**REQUIRED WORK:**
For this listing, the lines between the one holding "doc.units = 0" and the one holding "msp = doc.modelspace()", inclusive, must be set down exactly.
** Opening RECORDED INFORMATION block **
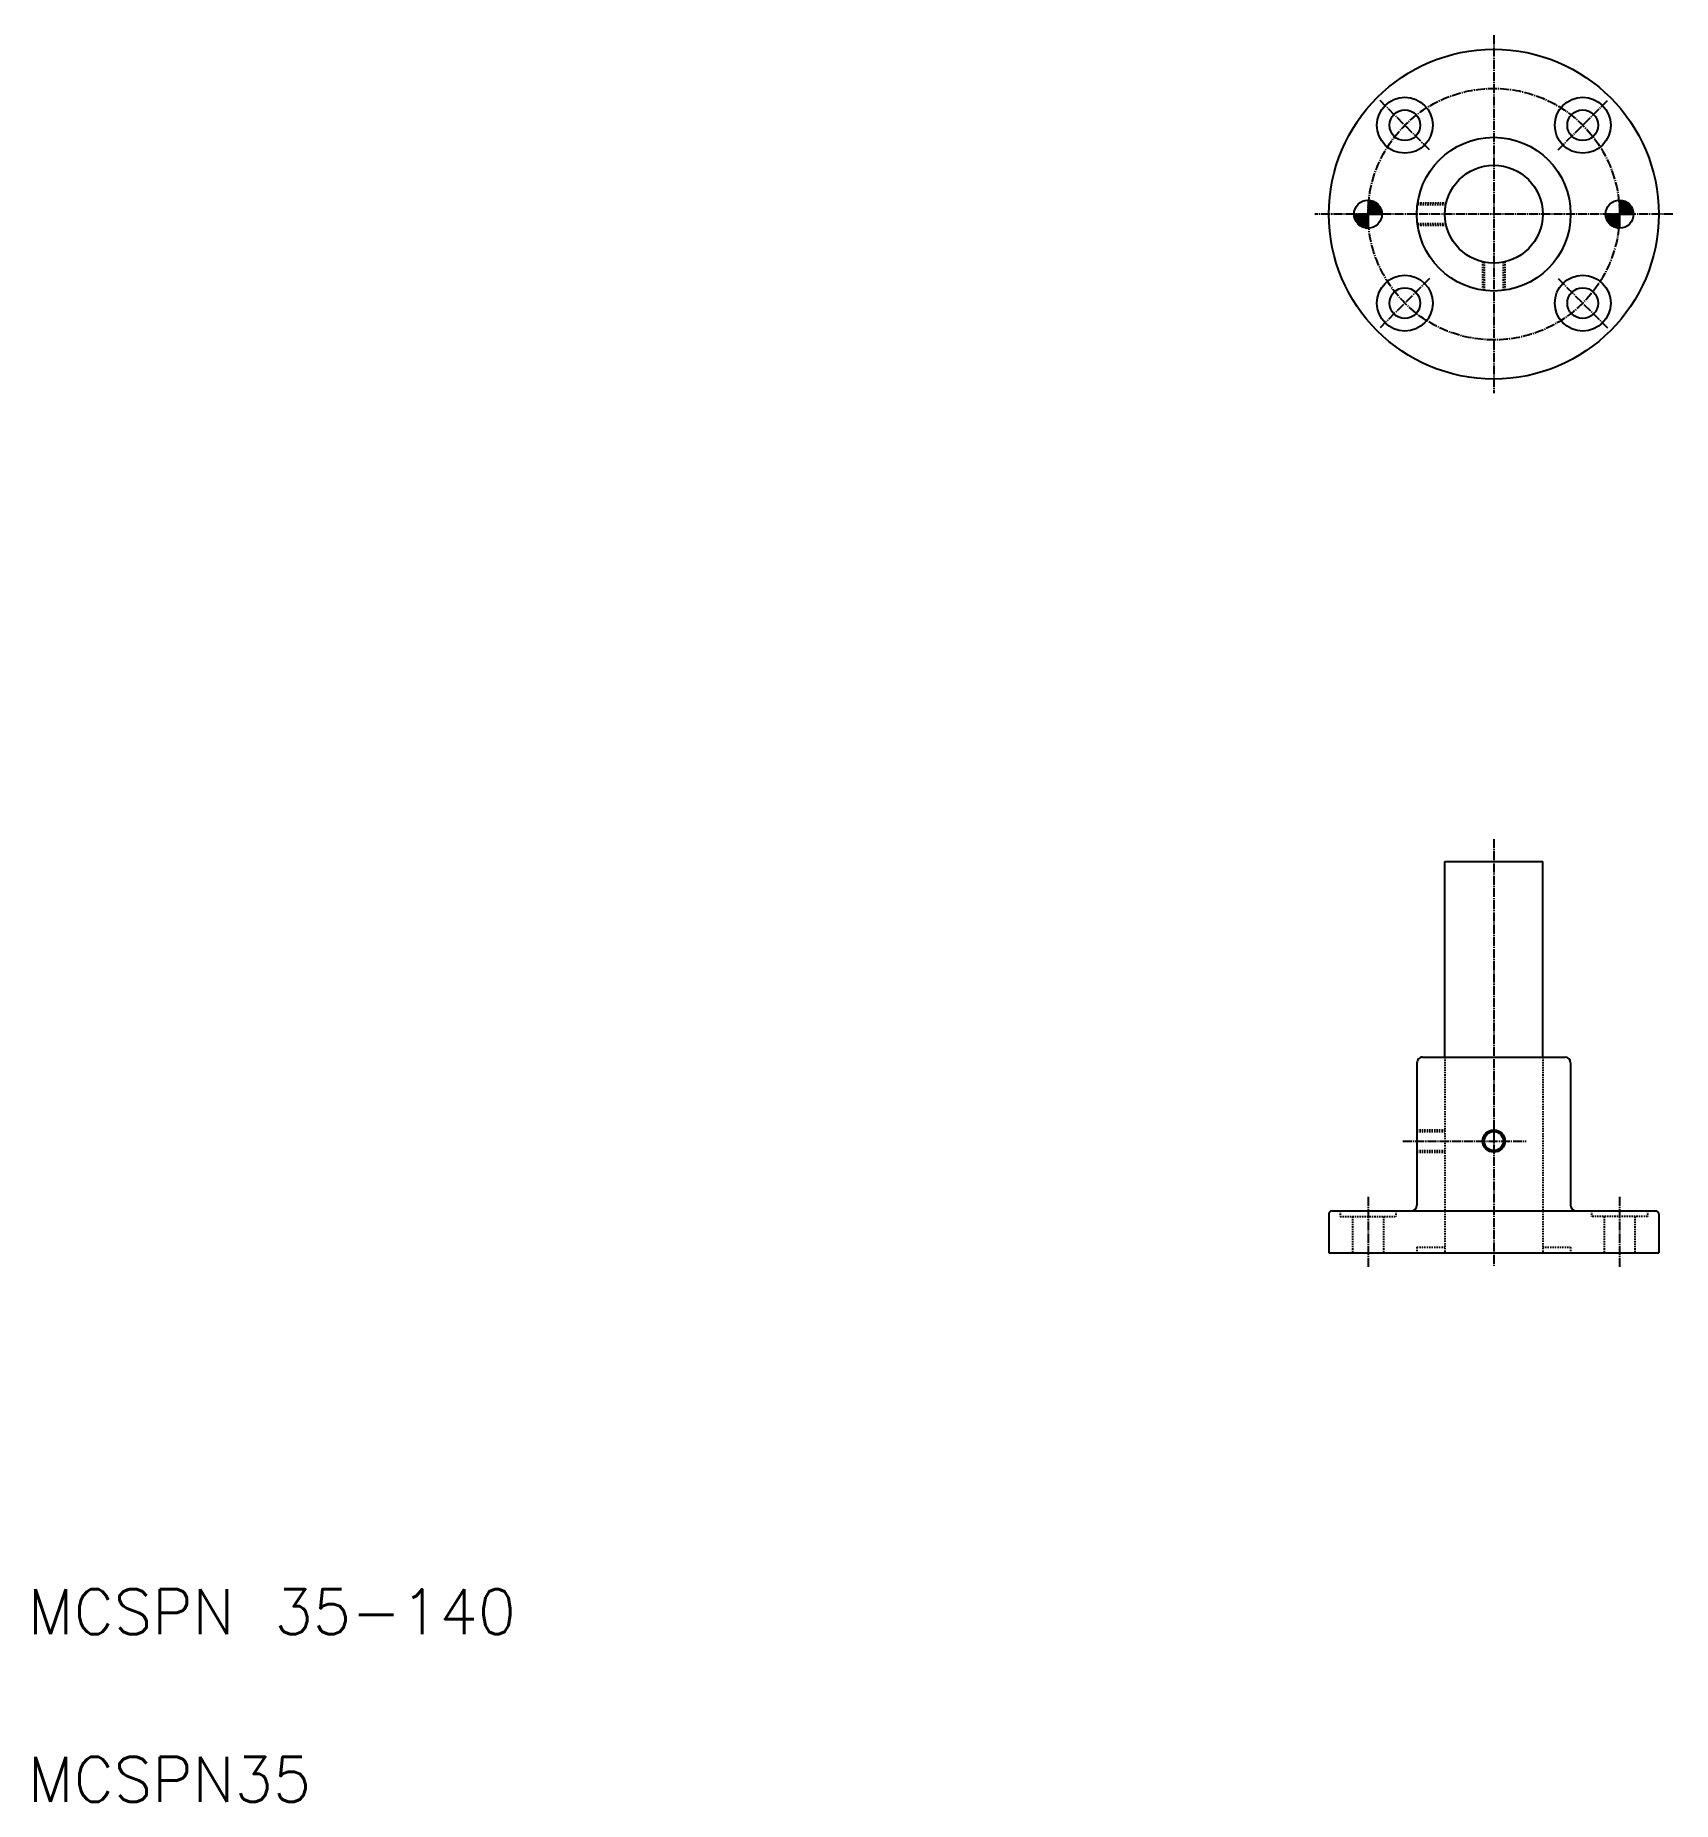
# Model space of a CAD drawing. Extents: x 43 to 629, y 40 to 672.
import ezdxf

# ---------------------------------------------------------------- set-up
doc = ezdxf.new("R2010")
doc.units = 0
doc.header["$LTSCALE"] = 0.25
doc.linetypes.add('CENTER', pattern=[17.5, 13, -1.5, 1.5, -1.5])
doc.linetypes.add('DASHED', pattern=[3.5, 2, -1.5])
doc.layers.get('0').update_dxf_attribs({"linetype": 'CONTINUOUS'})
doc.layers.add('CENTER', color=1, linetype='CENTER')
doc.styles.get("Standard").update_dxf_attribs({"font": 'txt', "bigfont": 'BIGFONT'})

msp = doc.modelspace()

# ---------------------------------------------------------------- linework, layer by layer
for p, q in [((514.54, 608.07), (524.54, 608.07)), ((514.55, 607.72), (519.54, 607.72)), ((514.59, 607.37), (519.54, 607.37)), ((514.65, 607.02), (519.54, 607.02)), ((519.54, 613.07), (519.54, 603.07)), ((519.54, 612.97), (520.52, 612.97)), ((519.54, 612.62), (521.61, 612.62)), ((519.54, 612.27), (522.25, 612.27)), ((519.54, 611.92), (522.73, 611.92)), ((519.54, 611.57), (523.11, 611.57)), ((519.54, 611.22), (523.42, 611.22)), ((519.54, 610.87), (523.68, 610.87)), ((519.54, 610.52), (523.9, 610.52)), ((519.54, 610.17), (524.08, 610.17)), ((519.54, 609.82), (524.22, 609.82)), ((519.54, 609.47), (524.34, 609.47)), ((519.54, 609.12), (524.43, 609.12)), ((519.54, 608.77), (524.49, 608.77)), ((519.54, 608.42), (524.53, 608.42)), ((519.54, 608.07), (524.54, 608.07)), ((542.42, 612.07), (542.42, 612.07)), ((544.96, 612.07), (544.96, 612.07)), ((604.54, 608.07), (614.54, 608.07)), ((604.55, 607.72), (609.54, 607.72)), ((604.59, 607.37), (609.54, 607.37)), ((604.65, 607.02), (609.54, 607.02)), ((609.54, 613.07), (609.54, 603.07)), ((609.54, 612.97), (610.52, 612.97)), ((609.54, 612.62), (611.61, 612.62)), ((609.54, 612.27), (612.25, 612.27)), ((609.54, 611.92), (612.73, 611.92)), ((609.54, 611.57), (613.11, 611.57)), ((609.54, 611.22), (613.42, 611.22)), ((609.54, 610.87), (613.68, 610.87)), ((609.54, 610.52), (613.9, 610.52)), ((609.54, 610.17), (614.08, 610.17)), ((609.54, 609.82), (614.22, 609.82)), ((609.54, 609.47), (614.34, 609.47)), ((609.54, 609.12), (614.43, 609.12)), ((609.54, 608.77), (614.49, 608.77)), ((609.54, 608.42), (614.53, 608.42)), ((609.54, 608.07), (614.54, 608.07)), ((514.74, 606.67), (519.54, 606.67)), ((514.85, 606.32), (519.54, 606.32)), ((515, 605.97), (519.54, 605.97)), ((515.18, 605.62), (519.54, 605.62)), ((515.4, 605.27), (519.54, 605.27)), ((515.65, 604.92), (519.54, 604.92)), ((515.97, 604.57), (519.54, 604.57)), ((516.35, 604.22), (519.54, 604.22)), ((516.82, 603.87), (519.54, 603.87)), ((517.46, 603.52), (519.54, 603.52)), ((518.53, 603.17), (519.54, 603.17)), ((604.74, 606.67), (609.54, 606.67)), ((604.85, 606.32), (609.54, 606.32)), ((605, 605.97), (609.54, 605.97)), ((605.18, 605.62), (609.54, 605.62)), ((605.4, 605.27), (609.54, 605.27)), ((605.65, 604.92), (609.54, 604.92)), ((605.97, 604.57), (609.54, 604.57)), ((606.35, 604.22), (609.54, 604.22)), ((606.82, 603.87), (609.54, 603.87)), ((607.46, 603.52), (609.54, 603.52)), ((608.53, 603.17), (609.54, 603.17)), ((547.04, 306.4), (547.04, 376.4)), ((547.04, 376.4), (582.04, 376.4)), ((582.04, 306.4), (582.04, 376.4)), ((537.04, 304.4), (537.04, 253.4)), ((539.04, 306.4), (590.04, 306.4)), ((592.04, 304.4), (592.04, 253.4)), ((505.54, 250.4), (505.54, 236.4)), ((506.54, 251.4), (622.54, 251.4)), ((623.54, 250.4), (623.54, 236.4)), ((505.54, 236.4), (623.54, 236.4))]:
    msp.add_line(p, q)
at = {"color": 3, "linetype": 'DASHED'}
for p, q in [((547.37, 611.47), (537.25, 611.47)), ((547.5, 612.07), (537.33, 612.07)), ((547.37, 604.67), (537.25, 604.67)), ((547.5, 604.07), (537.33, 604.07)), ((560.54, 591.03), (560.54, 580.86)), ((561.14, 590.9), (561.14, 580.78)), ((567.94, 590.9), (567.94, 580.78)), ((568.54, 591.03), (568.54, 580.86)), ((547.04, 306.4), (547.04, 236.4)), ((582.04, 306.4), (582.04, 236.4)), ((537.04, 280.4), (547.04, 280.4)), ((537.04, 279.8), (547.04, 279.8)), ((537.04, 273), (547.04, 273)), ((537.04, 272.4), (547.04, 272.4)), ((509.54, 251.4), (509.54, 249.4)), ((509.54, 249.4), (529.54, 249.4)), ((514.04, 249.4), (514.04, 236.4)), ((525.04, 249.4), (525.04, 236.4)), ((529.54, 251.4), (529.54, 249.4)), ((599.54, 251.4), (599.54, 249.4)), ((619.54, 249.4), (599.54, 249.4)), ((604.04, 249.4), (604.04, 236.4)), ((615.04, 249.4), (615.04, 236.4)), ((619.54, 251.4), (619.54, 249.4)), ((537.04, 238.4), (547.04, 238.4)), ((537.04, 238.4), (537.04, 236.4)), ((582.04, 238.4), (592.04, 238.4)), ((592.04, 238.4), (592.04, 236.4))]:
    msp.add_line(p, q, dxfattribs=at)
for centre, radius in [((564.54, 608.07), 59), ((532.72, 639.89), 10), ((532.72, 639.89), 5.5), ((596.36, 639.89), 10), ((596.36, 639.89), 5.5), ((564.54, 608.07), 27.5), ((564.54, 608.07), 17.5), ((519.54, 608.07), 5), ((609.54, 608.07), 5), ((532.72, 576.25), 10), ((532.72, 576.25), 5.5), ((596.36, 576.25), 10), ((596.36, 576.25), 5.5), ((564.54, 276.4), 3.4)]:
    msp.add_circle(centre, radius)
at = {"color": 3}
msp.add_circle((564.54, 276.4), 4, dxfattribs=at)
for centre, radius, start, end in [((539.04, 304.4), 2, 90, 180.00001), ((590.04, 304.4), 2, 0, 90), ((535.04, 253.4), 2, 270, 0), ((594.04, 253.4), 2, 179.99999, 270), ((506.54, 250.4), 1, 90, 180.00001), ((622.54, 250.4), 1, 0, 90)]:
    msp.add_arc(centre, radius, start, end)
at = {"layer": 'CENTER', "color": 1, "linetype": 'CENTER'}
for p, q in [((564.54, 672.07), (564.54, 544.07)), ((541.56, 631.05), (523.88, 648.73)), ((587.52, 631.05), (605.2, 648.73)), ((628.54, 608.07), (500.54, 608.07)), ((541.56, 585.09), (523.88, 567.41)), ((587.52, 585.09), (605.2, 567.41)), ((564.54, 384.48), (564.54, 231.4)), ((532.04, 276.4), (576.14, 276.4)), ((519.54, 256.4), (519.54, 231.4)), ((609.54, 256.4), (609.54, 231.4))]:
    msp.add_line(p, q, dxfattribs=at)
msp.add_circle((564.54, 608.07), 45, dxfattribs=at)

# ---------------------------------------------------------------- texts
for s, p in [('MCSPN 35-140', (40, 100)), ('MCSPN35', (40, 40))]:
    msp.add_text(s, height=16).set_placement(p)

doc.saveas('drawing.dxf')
** Closing RECORDED INFORMATION block **
**ANSWER TO THIS TASK:**
doc.units = 0
doc.header["$LTSCALE"] = 0.25
doc.linetypes.add('CENTER', pattern=[17.5, 13, -1.5, 1.5, -1.5])
doc.linetypes.add('DASHED', pattern=[3.5, 2, -1.5])
doc.layers.get('0').update_dxf_attribs({"linetype": 'CONTINUOUS'})
doc.layers.add('CENTER', color=1, linetype='CENTER')
doc.styles.get("Standard").update_dxf_attribs({"font": 'txt', "bigfont": 'BIGFONT'})

msp = doc.modelspace()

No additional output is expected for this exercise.